Exercise - Quote only the span from the first line of the entries to the line containing "#19465 = EDGE_CURVE", both ends kept. Leave every picture out.

--

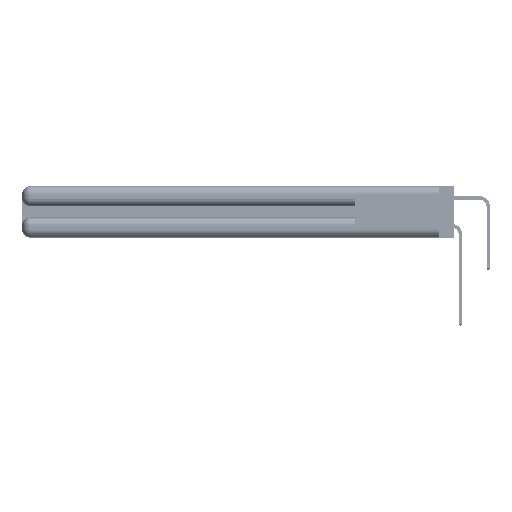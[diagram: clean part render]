
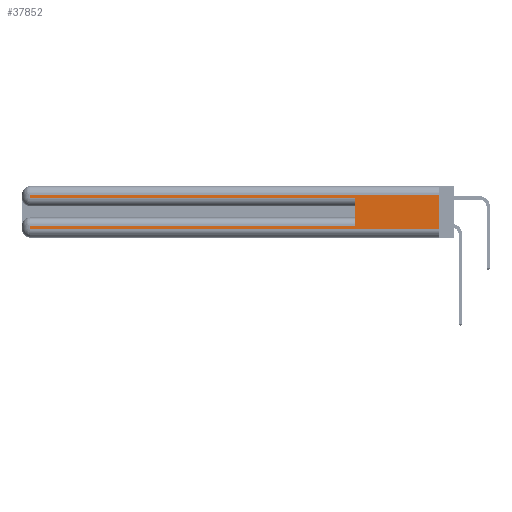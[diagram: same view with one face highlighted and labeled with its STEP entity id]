
A CAD part, left-side view. The second image highlights one B-rep face of the part: STEP entity #37852.
In plain terms, the highlighted planar face has unit normal (-1, 0, 0).
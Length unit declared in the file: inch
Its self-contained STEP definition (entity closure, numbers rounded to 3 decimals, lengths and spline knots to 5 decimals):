
#1364 = ORIENTED_EDGE ( 'NONE', *, *, #9000, .T. ) ;
#2700 = VECTOR ( 'NONE', #25176, 39.37008 ) ;
#4609 = EDGE_CURVE ( 'NONE', #30601, #16610, #39098, .T. ) ;
#5634 = ORIENTED_EDGE ( 'NONE', *, *, #42853, .T. ) ;
#6091 = CARTESIAN_POINT ( 'NONE',  ( 0., 0., 0.37 ) ) ;
#6849 = VECTOR ( 'NONE', #27099, 39.37008 ) ;
#6930 = CARTESIAN_POINT ( 'NONE',  ( 0., 0.6, 0.145 ) ) ;
#7000 = EDGE_CURVE ( 'NONE', #23579, #23852, #36288, .T. ) ;
#9000 = EDGE_CURVE ( 'NONE', #13546, #23579, #32676, .T. ) ;
#9218 = VECTOR ( 'NONE', #11682, 39.37008 ) ;
#9670 = DIRECTION ( 'NONE',  ( 0., -1., 0. ) ) ;
#10140 = DIRECTION ( 'NONE',  ( 0., 0., -1. ) ) ;
#10982 = VECTOR ( 'NONE', #18896, 39.37008 ) ;
#11682 = DIRECTION ( 'NONE',  ( 0., -1., 0. ) ) ;
#13516 = LINE ( 'NONE', #41522, #33754 ) ;
#13546 = VERTEX_POINT ( 'NONE', #38778 ) ;
#14392 = CARTESIAN_POINT ( 'NONE',  ( 0., 0., 0.06 ) ) ;
#16610 = VERTEX_POINT ( 'NONE', #47766 ) ;
#17921 = CARTESIAN_POINT ( 'NONE',  ( 0., 0., 0.37 ) ) ;
#18308 = EDGE_LOOP ( 'NONE', ( #18899, #43599, #5634, #49292, #51846, #48727, #1364, #47517 ) ) ;
#18896 = DIRECTION ( 'NONE',  ( 0., 1., 0. ) ) ;
#18899 = ORIENTED_EDGE ( 'NONE', *, *, #19465, .F. ) ;
#19465 = EDGE_CURVE ( 'NONE', #30773, #23852, #51864, .T. ) ;
#22048 = DIRECTION ( 'NONE',  ( 0., 0., -1. ) ) ;
#23449 = CARTESIAN_POINT ( 'NONE',  ( 0., 0., 0.31 ) ) ;
#23579 = VERTEX_POINT ( 'NONE', #40398 ) ;
#23852 = VERTEX_POINT ( 'NONE', #14392 ) ;
#24316 = VECTOR ( 'NONE', #9670, 39.37008 ) ;
#24592 = EDGE_CURVE ( 'NONE', #46863, #16610, #33248, .T. ) ;
#25176 = DIRECTION ( 'NONE',  ( 0., 1., 0. ) ) ;
#27099 = DIRECTION ( 'NONE',  ( 0., 0., 1. ) ) ;
#27777 = CARTESIAN_POINT ( 'NONE',  ( 0., 0., 0.285 ) ) ;
#29814 = CARTESIAN_POINT ( 'NONE',  ( 0., 0., 0.06 ) ) ;
#30272 = PLANE ( 'NONE',  #35563 ) ;
#30426 = VECTOR ( 'NONE', #22048, 39.37008 ) ;
#30581 = FACE_OUTER_BOUND ( 'NONE', #18308, .T. ) ;
#30601 = VERTEX_POINT ( 'NONE', #34403 ) ;
#30773 = VERTEX_POINT ( 'NONE', #23449 ) ;
#31210 = LINE ( 'NONE', #43123, #10982 ) ;
#31389 = VECTOR ( 'NONE', #49164, 39.37008 ) ;
#32676 = LINE ( 'NONE', #37164, #31389 ) ;
#33248 = LINE ( 'NONE', #27777, #9218 ) ;
#33677 = LINE ( 'NONE', #49351, #2700 ) ;
#33754 = VECTOR ( 'NONE', #45576, 39.37008 ) ;
#33775 = CARTESIAN_POINT ( 'NONE',  ( 0., 2.94, 0.31 ) ) ;
#34340 = DIRECTION ( 'NONE',  ( 1., 0., 0. ) ) ;
#34403 = CARTESIAN_POINT ( 'NONE',  ( 0., 0.6, 0.085 ) ) ;
#35563 = AXIS2_PLACEMENT_3D ( 'NONE', #6091, #34340, #10140 ) ;
#36288 = LINE ( 'NONE', #29814, #24316 ) ;
#37164 = CARTESIAN_POINT ( 'NONE',  ( 0., 2.94, 0.37 ) ) ;
#37735 = CARTESIAN_POINT ( 'NONE',  ( 0., 2.94, 0.285 ) ) ;
#37852 = ADVANCED_FACE ( 'NONE', ( #30581 ), #30272, .F. ) ;
#38441 = EDGE_CURVE ( 'NONE', #30773, #51432, #33677, .T. ) ;
#38778 = CARTESIAN_POINT ( 'NONE',  ( 0., 2.94, 0.085 ) ) ;
#39098 = LINE ( 'NONE', #6930, #6849 ) ;
#40398 = CARTESIAN_POINT ( 'NONE',  ( 0., 2.94, 0.06 ) ) ;
#41522 = CARTESIAN_POINT ( 'NONE',  ( 0., 2.94, 0.37 ) ) ;
#42853 = EDGE_CURVE ( 'NONE', #51432, #46863, #13516, .T. ) ;
#43123 = CARTESIAN_POINT ( 'NONE',  ( 0., 0., 0.085 ) ) ;
#43599 = ORIENTED_EDGE ( 'NONE', *, *, #38441, .T. ) ;
#45576 = DIRECTION ( 'NONE',  ( 0., 0., -1. ) ) ;
#46863 = VERTEX_POINT ( 'NONE', #37735 ) ;
#47517 = ORIENTED_EDGE ( 'NONE', *, *, #7000, .T. ) ;
#47766 = CARTESIAN_POINT ( 'NONE',  ( 0., 0.6, 0.285 ) ) ;
#47911 = EDGE_CURVE ( 'NONE', #30601, #13546, #31210, .T. ) ;
#48727 = ORIENTED_EDGE ( 'NONE', *, *, #47911, .T. ) ;
#49164 = DIRECTION ( 'NONE',  ( 0., 0., -1. ) ) ;
#49292 = ORIENTED_EDGE ( 'NONE', *, *, #24592, .T. ) ;
#49351 = CARTESIAN_POINT ( 'NONE',  ( 0., 0., 0.31 ) ) ;
#51432 = VERTEX_POINT ( 'NONE', #33775 ) ;
#51846 = ORIENTED_EDGE ( 'NONE', *, *, #4609, .F. ) ;
#51864 = LINE ( 'NONE', #17921, #30426 ) ;

--

Exercise output -
[diagram: clean part render]
[diagram: same view with one face highlighted and labeled with its STEP entity id]
A CAD part, left-side view. The second image highlights one B-rep face of the part: STEP entity #37852.
In plain terms, the highlighted planar face has unit normal (-1, 0, 0).
Length unit declared in the file: inch
Its self-contained STEP definition (entity closure, numbers rounded to 3 decimals, lengths and spline knots to 5 decimals):
#1364 = ORIENTED_EDGE ( 'NONE', *, *, #9000, .T. ) ;
#2700 = VECTOR ( 'NONE', #25176, 39.37008 ) ;
#4609 = EDGE_CURVE ( 'NONE', #30601, #16610, #39098, .T. ) ;
#5634 = ORIENTED_EDGE ( 'NONE', *, *, #42853, .T. ) ;
#6091 = CARTESIAN_POINT ( 'NONE',  ( 0., 0., 0.37 ) ) ;
#6849 = VECTOR ( 'NONE', #27099, 39.37008 ) ;
#6930 = CARTESIAN_POINT ( 'NONE',  ( 0., 0.6, 0.145 ) ) ;
#7000 = EDGE_CURVE ( 'NONE', #23579, #23852, #36288, .T. ) ;
#9000 = EDGE_CURVE ( 'NONE', #13546, #23579, #32676, .T. ) ;
#9218 = VECTOR ( 'NONE', #11682, 39.37008 ) ;
#9670 = DIRECTION ( 'NONE',  ( 0., -1., 0. ) ) ;
#10140 = DIRECTION ( 'NONE',  ( 0., 0., -1. ) ) ;
#10982 = VECTOR ( 'NONE', #18896, 39.37008 ) ;
#11682 = DIRECTION ( 'NONE',  ( 0., -1., 0. ) ) ;
#13516 = LINE ( 'NONE', #41522, #33754 ) ;
#13546 = VERTEX_POINT ( 'NONE', #38778 ) ;
#14392 = CARTESIAN_POINT ( 'NONE',  ( 0., 0., 0.06 ) ) ;
#16610 = VERTEX_POINT ( 'NONE', #47766 ) ;
#17921 = CARTESIAN_POINT ( 'NONE',  ( 0., 0., 0.37 ) ) ;
#18308 = EDGE_LOOP ( 'NONE', ( #18899, #43599, #5634, #49292, #51846, #48727, #1364, #47517 ) ) ;
#18896 = DIRECTION ( 'NONE',  ( 0., 1., 0. ) ) ;
#18899 = ORIENTED_EDGE ( 'NONE', *, *, #19465, .F. ) ;
#19465 = EDGE_CURVE ( 'NONE', #30773, #23852, #51864, .T. ) ;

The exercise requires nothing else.